As far as a numerical relation, thermal diffusivity (alpha = k*rho*C_P) or effusivity (e = (k*rho*C_P)^(1/2)) is likely what you are looking for. Sometimes one is of more convenient form than the other, if you are trying to fit to experimental data, for example. However, that still gives you at least two unknowns and one equation if you don't know the diffusivity or effusivity.
When talking about the actual heat transfer mechanisms, the significance of electron/phonon contributions depends greatly on the material. At most real-world temperatures, phonons completely dominate heat capacity. In dielectrics, phonons contribute more to thermal conductivity while electrons contribute more in metals due to the free electron population and mobility.
You may be interested in looking into the Wiedemann-Franz-Lorenz law, which relates the electron (only) thermal conductivity to the electrical conductivity of a metal or metal-like (think highly-degenerate semiconductor) material.
After rereading your initial question, you are probably most interested in the kinetic theory derivation of thermal conductivity, which yields:
ki = (1/3)*Ci*vi*λi, where for each energy carrier 'i' (electron, phonon, etc.)
Ci = heat capacity of energy carrier 'i' (J / m^3-K)
vi = velocity of energy carrier 'i' (m / s, order of 10^3 for phonons, 10^6 for electrons)
λi = mean free path of energy carrier 'i' (avg distance traveled between consecutive scattering events, order of a few nm to microns)
This is, in fact, at the heart of the Wiedemann-Franz-Lorenz law, where by assuming the electronic mean free paths contributing to thermal and electrical conduction are approximately the same (not always true), taking the ratio cancels it and removes an unknown.

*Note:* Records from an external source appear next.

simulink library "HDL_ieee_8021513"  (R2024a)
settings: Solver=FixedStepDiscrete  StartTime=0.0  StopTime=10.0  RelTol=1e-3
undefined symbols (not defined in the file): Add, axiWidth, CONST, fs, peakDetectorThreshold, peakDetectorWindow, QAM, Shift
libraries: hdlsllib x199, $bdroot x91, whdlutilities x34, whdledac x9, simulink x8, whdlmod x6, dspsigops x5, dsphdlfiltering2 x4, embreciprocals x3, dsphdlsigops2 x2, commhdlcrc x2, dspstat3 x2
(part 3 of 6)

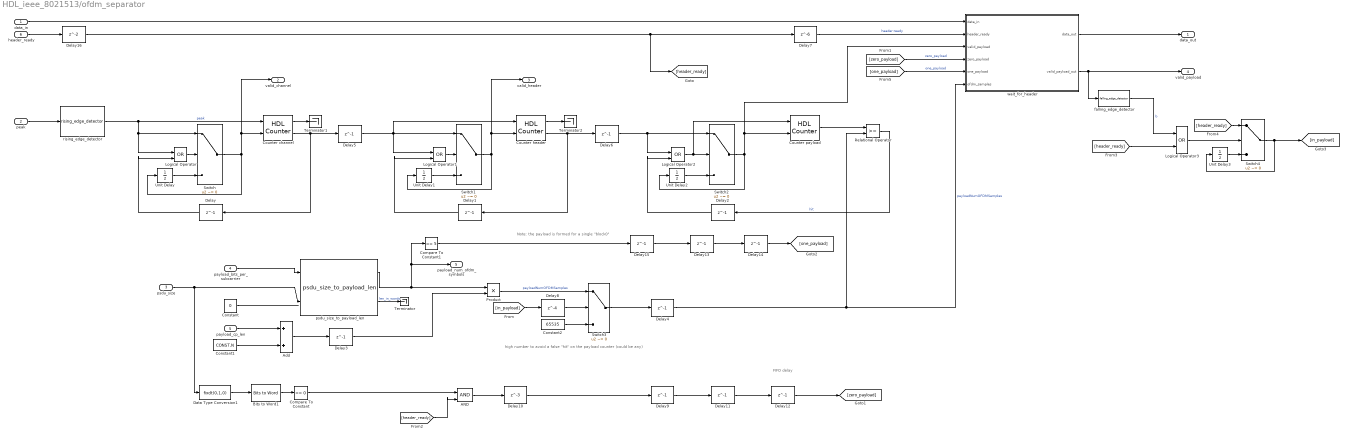
== system HDL_ieee_8021513/ofdm_separator ==
  note: FIFO delay
  note: Note: the payload is formed for a single "block0"
  note: high number to avoid a false "hit" on the payload counter (could be any)
  data_in : Inport
  peak : Inport  Port=2
  psdu_size : Inport  Port=3
  payload_bits_per_subcarrier : Inport  Port=4
  payload_cp_len : Inport  Port=5
  header_ready : Inport  Port=6
  AND : Logic  IconShape=distinctive  AllPortsSameDT=off  OutDataTypeStr=boolean
  Add : Sum  OutDataTypeStr=fixdt(0,16,0)
  Bits to Word1 : hdlsllib/Logic and Bit Operations/Bits to Word
  Compare To Constant : hdlsllib/Logic and Bit Operations/Compare To Constant  relop===  const=0  OutDataTypeStr=boolean
  Compare To Constant1 : hdlsllib/Logic and Bit Operations/Compare To Constant  relop===  const=5  OutDataTypeStr=boolean
  Constant : Constant  Value=0  OutDataTypeStr=boolean  SampleTime=1/CONST.fPHY
  Constant1 : Constant  Value=CONST.N  OutDataTypeStr=fixdt(0,9,0)  SampleTime=-1
  Constant2 : Constant  Value=65535  OutDataTypeStr=Inherit: Inherit via back propagation  SampleTime=-1
  Counter channel : hdlsllib/Sources/HDL Counter  CountType=Count limited  CountInit=0  CountStep=1  CountMax=CONST.channelOFDMSamples-2  CountFromType=Initial value  CountFrom=0  CountResetPort=on  CountLoadPort=off  CountEnbPort=on  CountDirPort=off  CountHitOutputPort=on  CountDataType=Unsigned  CountWordLen=nextpow2(CONST.channelOFDMSamples)  CountFracLen=0  CountSampTime=1
  Counter header : hdlsllib/Sources/HDL Counter  CountType=Count limited  CountInit=0  CountStep=1  CountMax=CONST.headerOFDMSamples-2  CountFromType=Initial value  CountFrom=0  CountResetPort=on  CountLoadPort=off  CountEnbPort=on  CountDirPort=off  CountHitOutputPort=on  CountDataType=Unsigned  CountWordLen=nextpow2(CONST.headerOFDMSamples)  CountFracLen=0  CountSampTime=1
  Counter payload : hdlsllib/Sources/HDL Counter  CountType=Free running  CountInit=2  CountStep=1  CountMax=1  CountFromType=Initial value  CountFrom=2  CountResetPort=on  CountLoadPort=off  CountEnbPort=on  CountDirPort=off  CountHitOutputPort=off  CountDataType=Unsigned  CountWordLen=32  CountFracLen=0  CountSampTime=1
  Data Type Conversion1 : DataTypeConversion  OutDataTypeStr=fixdt(0,1,0)  SaturateOnIntegerOverflow=off  RndMeth=Floor
  Delay{,1..6,9,11..15} (13 alike) : Delay  DelayLength=1  InitialCondition=0  UseCircularBuffer=on
  Delay10 : Delay  DelayLength=3  InitialCondition=0  UseCircularBuffer=on
  Delay16 : Delay  InitialCondition=0  UseCircularBuffer=on
  Delay7 : Delay  DelayLength=6  InitialCondition=0  UseCircularBuffer=on
  Delay8 : Delay  DelayLength=4  InitialCondition=0  UseCircularBuffer=on
  Logical Operator{,1..3} (4 alike) : Logic  Operator=OR  IconShape=distinctive  AllPortsSameDT=off  OutDataTypeStr=boolean
  Product : Product
  Relational Operator : RelationalOperator  OutDataTypeStr=boolean  InputSameDT=off
  Switch{,1..2,4} (4 alike) : Switch  Criteria=u2 ~= 0  SaturateOnIntegerOverflow=off  InputSameDT=off
  Switch3 : Switch  Criteria=u2 ~= 0  SaturateOnIntegerOverflow=off
  Terminator : Terminator
  Terminator1 : Terminator
  Terminator2 : Terminator
  Unit Delay{,1..3} (4 alike) : UnitDelay  SampleTime=-1  HasFrameUpgradeWarning=on
  falling_edge_detector : $bdroot/falling_edge_detector  SystemSampleTime=-1  VariantActivationTime=update diagram  AllowFlexibleInterface=on  Latency=0  AutoFrameSizeCalculation=off
  psdu_size_to_payload_len : $bdroot/payload_full/psdu_size_to_payload_len  SystemSampleTime=-1  VariantActivationTime=update diagram  AllowFlexibleInterface=on  Latency=0  AutoFrameSizeCalculation=off
  rising_edge_detector : $bdroot/rising_edge_detector  SystemSampleTime=-1  VariantActivationTime=update diagram  AllowFlexibleInterface=on  Latency=0  AutoFrameSizeCalculation=off
  wait_for_header : Subsystem
  data_out : Outport  VectorParamsAs1DForOutWhenUnconnected=off
  valid_channel : Outport  Port=2
  valid_header : Outport  Port=3
  valid_payload : Outport  Port=4
  payload_num_ofdm_symbols : Outport  Port=5  VectorParamsAs1DForOutWhenUnconnected=off
  wires:
  psdu_size_to_payload_len/2 -> Terminator/1  "len_in_words"
  Delay16/1 -> [header_ready], Delay7/1
  peak/1 -> rising_edge_detector/1
  Counter channel/1 -> Terminator1/1
  Counter header/1 -> Terminator2/1
  Unit Delay/1 -> Switch/3
  Switch/1 -> valid_channel/1, Counter channel/2, Unit Delay/1
  Logical Operator/1 -> Switch/2
  Counter channel/2 -> Delay5/1, Delay/1
  Delay/1 -> Logical Operator/2
  Delay1/1 -> Logical Operator1/2
  Logical Operator1/1 -> Switch1/2
  Unit Delay1/1 -> Switch1/3
  Switch1/1 -> Unit Delay1/1, valid_header/1, Counter header/2
  Delay2/1 -> Logical Operator2/2
  Unit Delay2/1 -> Switch2/3
  Logical Operator2/1 -> Counter payload/1, Switch2/2
  Switch2/1 -> wait_for_header/3(valid_payload), Counter payload/2, Unit Delay2/1
  Counter header/2 -> Delay6/1, Delay1/1
  rising_edge_detector/1 -> Logical Operator/1, Switch/1, Counter channel/1  "peak"
  Constant1/1 -> Add/2
  payload_cp_len/1 -> Add/1
  Add/1 -> Delay3/1
  Relational Operator/1 -> Delay2/1  "hit"
  Counter payload/1 -> Relational Operator/1
  Delay5/1 -> Counter header/1, Logical Operator1/1, Switch1/1
  psdu_size/1 -> Data Type Conversion1/1, psdu_size_to_payload_len/2
  payload_bits_per_subcarrier/1 -> psdu_size_to_payload_len/1
  Constant/1 -> ?
  psdu_size_to_payload_len/1 -> Compare To Constant1/1, payload_num_ofdm_symbols/1, Product/1
  Delay3/1 -> Product/2
  data_in/1 -> wait_for_header/1(data_in)
  wait_for_header/1(data_out) -> data_out/1
  wait_for_header/2(valid_payload_out) -> valid_payload/1, falling_edge_detector/1
  Product/1 -> Switch3/1  "payloadNumOFDMSamples"
  Constant2/1 -> Switch3/3
  Switch3/1 -> Delay4/1
  Delay4/1 -> wait_for_header/6(ofdm_samples), Relational Operator/2  "payloadNumOFDMSamples"
  header_ready/1 -> Delay16/1
  Data Type Conversion1/1 -> Bits to Word1/1
  Bits to Word1/1 -> Compare To Constant/1
  [zero_payload] -> wait_for_header/4(zero_payload)  "zero_payload"
  [header_ready] -> AND/2
  AND/1 -> Delay10/1
  [in_payload] -> Delay8/1
  falling_edge_detector/1 -> Logical Operator3/1  "b"
  Delay6/1 -> Switch2/1, Logical Operator2/1
  Unit Delay3/1 -> Switch4/3
  Switch4/1 -> Unit Delay3/1, [in_payload]
  Logical Operator3/1 -> Switch4/2
  [header_ready] -> Logical Operator3/2
  [header_ready] -> Switch4/1
  Delay7/1 -> wait_for_header/2(header_ready)  "header:ready"
  Delay8/1 -> Switch3/2
  Delay9/1 -> Delay11/1
  [one_payload] -> wait_for_header/5(one_payload)  "one_payload"
  Compare To Constant/1 -> AND/1
  Delay11/1 -> Delay12/1
  Delay12/1 -> [zero_payload]
  Delay15/1 -> Delay13/1
  Compare To Constant1/1 -> Delay15/1
  Delay10/1 -> Delay9/1
  Delay13/1 -> Delay14/1
  Delay14/1 -> [one_payload]

== system HDL_ieee_8021513/ofdm_symbol_sync ==
  note: peakSync is synchronized with the first element of the channel
  note: Delay of find_peak = peakDetectorWindow
  data_in : Inport
  Delay : Delay  DelayLength=CONST.preambleOFDMSamples-20  InitialCondition=0  UseCircularBuffer=on
  Delay1 : Delay  DelayLength=128  InitialCondition=0  UseCircularBuffer=on
  Delay2 : Delay  DelayLength=20  InitialCondition=0  UseCircularBuffer=on
  find_peak : Subsystem
  m_cox : Subsystem
  phase_offset_calculator : Subsystem
  data_out : Outport
  peak_sync : Outport  Port=2
  phase_offset : Outport  Port=3  VectorParamsAs1DForOutWhenUnconnected=off
  M(d) : Outport  Port=4
  reset_ofdm : Outport  Port=5  VectorParamsAs1DForOutWhenUnconnected=off
  wires:
  Delay2/1 -> peak_sync/1
  data_in/1 -> m_cox/1(data_in)
  m_cox/2(M(d)) -> find_peak/2(M_in), M(d)/1
  m_cox/3(P(d)) -> Delay1/1
  m_cox/1(data_out) -> find_peak/1(data_in)
  find_peak/1(data_out) -> data_out/1
  find_peak/2(peak_sync) -> Delay/1, phase_offset_calculator/1(peak_sync)
  Delay/1 -> Delay2/1, reset_ofdm/1
  Delay1/1 -> phase_offset_calculator/2(P(d))
  phase_offset_calculator/1(frequency_offset) -> phase_offset/1

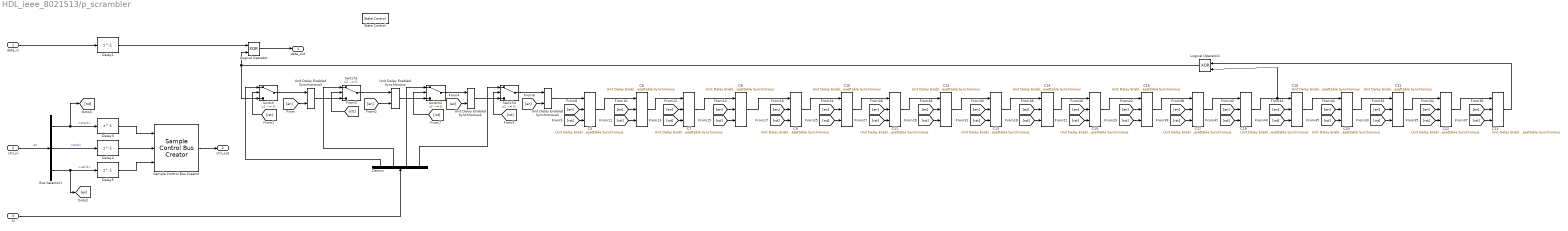
== system HDL_ieee_8021513/p_scrambler ==
  data_in : Inport
  ctrl_in : Inport  Port=2
  SI : Inport  Port=3
  Bus Selector1 : BusSelector  OutputSignals=start,end,valid
  C{5..23} (19 alike) : hdlsllib/Discrete/Unit Delay Enabled Resettable Synchronous  InitialCondition=1  SampleTime=-1
  Delay{1,3..5} (4 alike) : Delay  DelayLength=1  InitialCondition=0  UseCircularBuffer=on
  Demux : Demux
  Logical Operator : Logic  Operator=XOR  IconShape=distinctive  AllPortsSameDT=off  OutDataTypeStr=boolean
  Logical Operator1 : Logic  Operator=XOR  IconShape=distinctive  AllPortsSameDT=off  OutDataTypeStr=boolean
  Sample Control Bus Creator : whdlutilities/Sample Control Bus Creator
  State Control : StateControl  StateControl=Synchronous
  Switch{,1..3} (4 alike) : Switch  Criteria=u2 ~= 0  OutDataTypeStr=boolean  SaturateOnIntegerOverflow=off  InputSameDT=off
  Unit Delay Enabled Synchronous{,1..3} (4 alike) : hdlsllib/Discrete/Unit Delay Enabled Synchronous  InitialCondition=1  SampleTime=-1
  data_out : Outport
  ctrl_out : Outport  Port=2  VectorParamsAs1DForOutWhenUnconnected=off
  wires:
  Logical Operator1/1 -> Switch/3, Logical Operator/2
  Logical Operator/1 -> data_out/1
  ctrl_in/1 -> Bus Selector1/1  "en"
  data_in/1 -> Delay1/1
  Delay1/1 -> Logical Operator/1
  SI/1 -> Demux/1
  Demux/2 -> Switch1/1
  [en] -> Unit Delay Enabled Synchronous3/2
  [en] -> Unit Delay Enabled Synchronous/2
  [en] -> Unit Delay Enabled Synchronous1/2
  [en] -> Unit Delay Enabled Synchronous2/2
  [en] -> C5/2
  [en] -> C7/2
  [rst] -> C8/3
  C7/1 -> C8/1
  [rst] -> C7/3
  C5/1 -> C6/1
  [rst] -> C6/3
  [en] -> C8/2
  C6/1 -> C7/1
  [en] -> C6/2
  [rst] -> C5/3
  Unit Delay Enabled Synchronous2/1 -> C5/1
  C15/1 -> C16/1
  C9/1 -> C10/1
  [rst] -> C12/3
  [en] -> C16/2
  [rst] -> C11/3
  [en] -> C13/2
  C12/1 -> C13/1
  [rst] -> C10/3
  C10/1 -> C11/1
  [rst] -> C13/3
  [en] -> C11/2
  C14/1 -> C15/1
  [en] -> C9/2
  [en] -> C10/2
  [rst] -> C9/3
  C11/1 -> C12/1
  C13/1 -> C14/1
  [rst] -> C14/3
  [en] -> C12/2
  [rst] -> C16/3
  [en] -> C14/2
  [en] -> C15/2
  [rst] -> C15/3
  C8/1 -> C9/1
  [rst] -> C17/3
  [rst] -> C23/3
  C16/1 -> C17/1
  [en] -> C22/2
  C20/1 -> C21/1
  C18/1 -> Logical Operator1/2, C19/1
  [rst] -> C20/3
  [en] -> C23/2
  [en] -> C18/2
  [en] -> C19/2
  C22/1 -> C23/1
  C17/1 -> C18/1
  [rst] -> C21/3
  [rst] -> C19/3
  [en] -> C17/2
  [rst] -> C18/3
  C21/1 -> C22/1
  [en] -> C21/2
  [en] -> C20/2
  C19/1 -> C20/1
  [rst] -> C22/3
  C23/1 -> Logical Operator1/1
  [rst] -> Switch/2
  Demux/1 -> Switch/1
  Switch/1 -> Unit Delay Enabled Synchronous3/1
  Switch1/1 -> Unit Delay Enabled Synchronous/1
  [rst] -> Switch1/2
  Unit Delay Enabled Synchronous3/1 -> Switch1/3
  Switch2/1 -> Unit Delay Enabled Synchronous1/1
  Switch3/1 -> Unit Delay Enabled Synchronous2/1
  Unit Delay Enabled Synchronous1/1 -> Switch3/3
  [rst] -> Switch3/2
  Demux/4 -> Switch3/1
  Demux/3 -> Switch2/1
  Unit Delay Enabled Synchronous/1 -> Switch2/3
  [rst] -> Switch2/2
  Bus Selector1/1 -> [rst], Delay3/1  "<start>"
  Bus Selector1/2 -> Delay4/1  "<end>"
  Bus Selector1/3 -> [en], Delay5/1  "<valid>"
  Delay3/1 -> Sample Control Bus Creator/1
  Delay4/1 -> Sample Control Bus Creator/2
  Delay5/1 -> Sample Control Bus Creator/3
  Sample Control Bus Creator/1 -> ctrl_out/1

== system HDL_ieee_8021513/payload_full ==
  note: Note: careful when adding delays to signals "ready, valid or data" outside this block
  data_in : Inport
  valid_in : Inport  Port=2
  new_frame : Inport  Port=3
  scrambler_init : Inport  Port=4
  bat_id : Inport  Port=5
  psdu_size : Inport  Port=6
  Delay{,1..12} (13 alike) : Delay  DelayLength=1  InitialCondition=0  UseCircularBuffer=on
  Delay13 : Delay  DelayLength=8  InitialCondition=0  UseCircularBuffer=on
  HDL Counter : hdlsllib/Sources/HDL Counter  CountType=Free running  CountInit=0  CountStep=1  CountMax=25  CountFromType=Initial value  CountFrom=0  CountResetPort=on  CountLoadPort=off  CountEnbPort=on  CountDirPort=off  CountHitOutputPort=off  CountDataType=Unsigned  CountWordLen=32  CountFracLen=0  CountSampTime=1
  HDL FIFO : hdlsllib/HDL RAMs/HDL FIFO  fifo_size=5000  mode=Classic  ratio=1  push_msg=Error  pop_msg=Error  show_empty=off  show_full=on  show_num=off  LabelModeActiveChoice_Mode=Classic  rst_port=off
  Logical Operator1 : Logic  IconShape=distinctive  AllPortsSameDT=off  OutDataTypeStr=boolean
  Logical Operator5 : Logic  Operator=OR  IconShape=distinctive  AllPortsSameDT=off  OutDataTypeStr=boolean
  NOT : Logic  Operator=NOT  IconShape=distinctive  AllPortsSameDT=off  OutDataTypeStr=boolean
  Rate Transition : RateTransition  OutPortSampleTimeOpt=Multiple of input port sample time  OutPortSampleTimeMultiple=8  OutPortSampleTime=1/fs
  Rate Transition1 : RateTransition  OutPortSampleTimeOpt=Multiple of input port sample time  OutPortSampleTimeMultiple=1/8
  Rate Transition4 : RateTransition  OutPortSampleTimeOpt=Multiple of input port sample time  OutPortSampleTimeMultiple=1/8
  Rate Transition5 : RateTransition  OutPortSampleTimeOpt=Multiple of input port sample time  OutPortSampleTimeMultiple=1/8  OutPortSampleTime=1/axiWidth
  Rate Transition6 : RateTransition  OutPortSampleTimeOpt=Multiple of input port sample time  OutPortSampleTimeMultiple=1/8
  Relational Operator : RelationalOperator  OutDataTypeStr=boolean  InputSameDT=off
  Serializer1D : hdlsllib/HDL Operations/Serializer1D  Ratio=8  IdleCycles=0  validIn=on  startOut=off  validOut=on  inputDataDimensions=-1  inputSampleTime=-1  inputSignalType=auto
  State Control : StateControl  StateControl=Synchronous
  Switch1 : Switch  Criteria=u2 ~= 0  SaturateOnIntegerOverflow=off  InputSameDT=off
  Unit Delay1 : UnitDelay  SampleTime=-1  HasFrameUpgradeWarning=on
  Word to Bits : hdlsllib/Logic and Bit Operations/Word to Bits  maxWordLength=8
  batid_to_bits_per_subcarrier : $bdroot/batid_to_bits_per_subcarrier  SystemSampleTime=-1  VariantActivationTime=update diagram  AllowFlexibleInterface=on  Latency=0  AutoFrameSizeCalculation=off
  next_frame_to_ready : $bdroot/next_frame_to_ready  SystemSampleTime=-1  VariantActivationTime=update diagram  AllowFlexibleInterface=on  Latency=0  AutoFrameSizeCalculation=off
  p_scrambler : $bdroot/p_scrambler  SystemSampleTime=-1  VariantActivationTime=update diagram  AllowFlexibleInterface=on  Latency=0  AutoFrameSizeCalculation=off
      settings: LibrarySourceBlock=|
      | hdlsllib/Ports &
      | Subsystems/Subsystem
  psdu_size_to_payload_length : $bdroot/psdu_size_to_payload_length  SystemSampleTime=-1  VariantActivationTime=update diagram  AllowFlexibleInterface=on  Latency=0  AutoFrameSizeCalculation=off
  reduced_ldpc : $bdroot/reduced_ldpc  SystemSampleTime=-1  VariantActivationTime=update diagram  AllowFlexibleInterface=on  Latency=0  AutoFrameSizeCalculation=off
  rising_edge_detector : $bdroot/rising_edge_detector  SystemSampleTime=-1  VariantActivationTime=update diagram  AllowFlexibleInterface=on  Latency=0  AutoFrameSizeCalculation=off
  tone_mapping : $bdroot/tone_mapping  SystemSampleTime=-1  VariantActivationTime=update diagram  AllowFlexibleInterface=on  Latency=0  AutoFrameSizeCalculation=off
  valid_to_ctrl : $bdroot/valid_to_ctrl  SystemSampleTime=-1  VariantActivationTime=update diagram  AllowFlexibleInterface=on  Latency=0  AutoFrameSizeCalculation=off
  payload : Outport  VectorParamsAs1DForOutWhenUnconnected=off
  ctrl_out : Outport  Port=2  VectorParamsAs1DForOutWhenUnconnected=off
  ready : Outport  Port=3  VectorParamsAs1DForOutWhenUnconnected=off
  len_in_ofdm_symbols : Outport  Port=4  VectorParamsAs1DForOutWhenUnconnected=off
  bits_per_subcarrier : Outport  Port=5  VectorParamsAs1DForOutWhenUnconnected=off
  wires:
  Delay13/1 -> HDL FIFO/3, Delay2/1  "pop"
  HDL FIFO/1 -> Word to Bits/1
  Delay4/1 -> HDL FIFO/1
  Delay3/1 -> HDL FIFO/2
  Delay12/1 -> ready/1
  NOT/1 -> Delay12/1
  HDL FIFO/2 -> NOT/1
  valid_in/1 -> Delay3/1
  data_in/1 -> Delay4/1
  Delay11/1 -> [new_frame]
  Delay10/1 -> tone_mapping/4, len_in_ofdm_symbols/1
  Delay6/1 -> tone_mapping/3, bits_per_subcarrier/1
  Delay9/1 -> p_scrambler/3
  Delay8/1 -> p_scrambler/2
  Delay7/1 -> p_scrambler/1
  Rate Transition1/1 -> Delay9/1
  [last_frame] -> Logical Operator5/2
  [word_valid] -> HDL Counter/2
  psdu_size_to_payload_length/2 -> Relational Operator/2  "len_in_words"
  [new_frame_slow] -> HDL Counter/1
  rising_edge_detector/1 -> [last_frame]  "last_frame"
  Relational Operator/1 -> rising_edge_detector/1
  HDL Counter/1 -> Relational Operator/1  "counter"
  [new_frame] -> tone_mapping/5
  Rate Transition6/1 -> Delay11/1
  Rate Transition5/1 -> Delay10/1  "len_in_ofdm_symbols"
  Rate Transition4/1 -> Delay6/1  "bits_per_subcarrier"
  psdu_size_to_payload_length/1 -> Rate Transition5/1
  psdu_size/1 -> psdu_size_to_payload_length/2
  bat_id/1 -> batid_to_bits_per_subcarrier/1
  batid_to_bits_per_subcarrier/1 -> Rate Transition4/1, psdu_size_to_payload_length/1
  tone_mapping/1 -> payload/1
  reduced_ldpc/2 -> tone_mapping/2  "ctrl_in"
  tone_mapping/2 -> ctrl_out/1
  new_frame/1 -> Logical Operator5/1, Switch1/1, Rate Transition6/1, [new_frame_slow]
  Logical Operator5/1 -> Switch1/2
  Switch1/1 -> Unit Delay1/1, Logical Operator1/1
  Unit Delay1/1 -> Switch1/3
  Logical Operator1/1 -> next_frame_to_ready/1
  Rate Transition/1 -> Delay5/1
  Delay2/1 -> Serializer1D/2, [word_valid]
  next_frame_to_ready/1 -> Delay13/1  "ready"
  reduced_ldpc/3 -> Delay1/1
  Delay1/1 -> Rate Transition/1
  Word to Bits/1 -> Serializer1D/1
  Serializer1D/1 -> Delay/1
  Serializer1D/2 -> valid_to_ctrl/1
  valid_to_ctrl/1 -> Delay8/1
  Delay/1 -> Delay7/1
  reduced_ldpc/1 -> tone_mapping/1  "dataOut"
  scrambler_init/1 -> Rate Transition1/1
  p_scrambler/1 -> reduced_ldpc/1
  p_scrambler/2 -> reduced_ldpc/2
  Delay5/1 -> Logical Operator1/2

== system HDL_ieee_8021513/payload_rep ==
  data_in : Inport
  ctrl_in : Inport  Port=2
  data_out : Outport
  ctrl_out : Outport  Port=2
  wires:
  data_in/1 -> data_out/1
  ctrl_in/1 -> ctrl_out/1

== system HDL_ieee_8021513/peak_detector ==
  note: TODO: local peak not working correctly
  note: This block has a latency of 19 clock cycles
  dataIn : Inport
  local_peak : Subsystem
  s1_index : Subsystem
  peak_sync : Outport
  wires:
  s1_index/1(indexes) -> local_peak/1(index)
  s1_index/2(Output) -> local_peak/2(dataIn)
  dataIn/1 -> s1_index/1(dataIn)
  local_peak/1(peak_sync) -> peak_sync/1

== system HDL_ieee_8021513/preamble_gen ==
  new_frame : Inport
  Delay : Delay  DelayLength=1  InitialCondition=0  UseCircularBuffer=on
  Direct Lookup Table (n-D) : LookupNDDirect  NumberOfTableDimensions=1  Table=CONST.preambleLUT  DiagnosticForOutOfRangeInput=Error  RemoveProtectionInput=on  TableDataTypeStr=boolean
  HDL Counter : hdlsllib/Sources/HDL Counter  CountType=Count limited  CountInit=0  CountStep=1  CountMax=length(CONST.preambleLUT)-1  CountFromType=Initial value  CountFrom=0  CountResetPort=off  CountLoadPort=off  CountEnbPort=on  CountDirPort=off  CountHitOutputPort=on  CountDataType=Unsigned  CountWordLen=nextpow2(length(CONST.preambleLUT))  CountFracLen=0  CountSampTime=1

The thermal diffusivity, α (m^2/s), relates thermal conductivity, k (W/mK), and specific (volume) heat capacity, C (J/m^3K), through the following relationship:
α = k/C = k/ρc
here C= ρc, ρ (Kg/m^3) is the density and c (J/kgK) is the specific heat
(for imcompressible substances, i.e. for most solids, cp = cv =c).
Thermal diffusivity is (1/3)v*λ (see Dunham comment )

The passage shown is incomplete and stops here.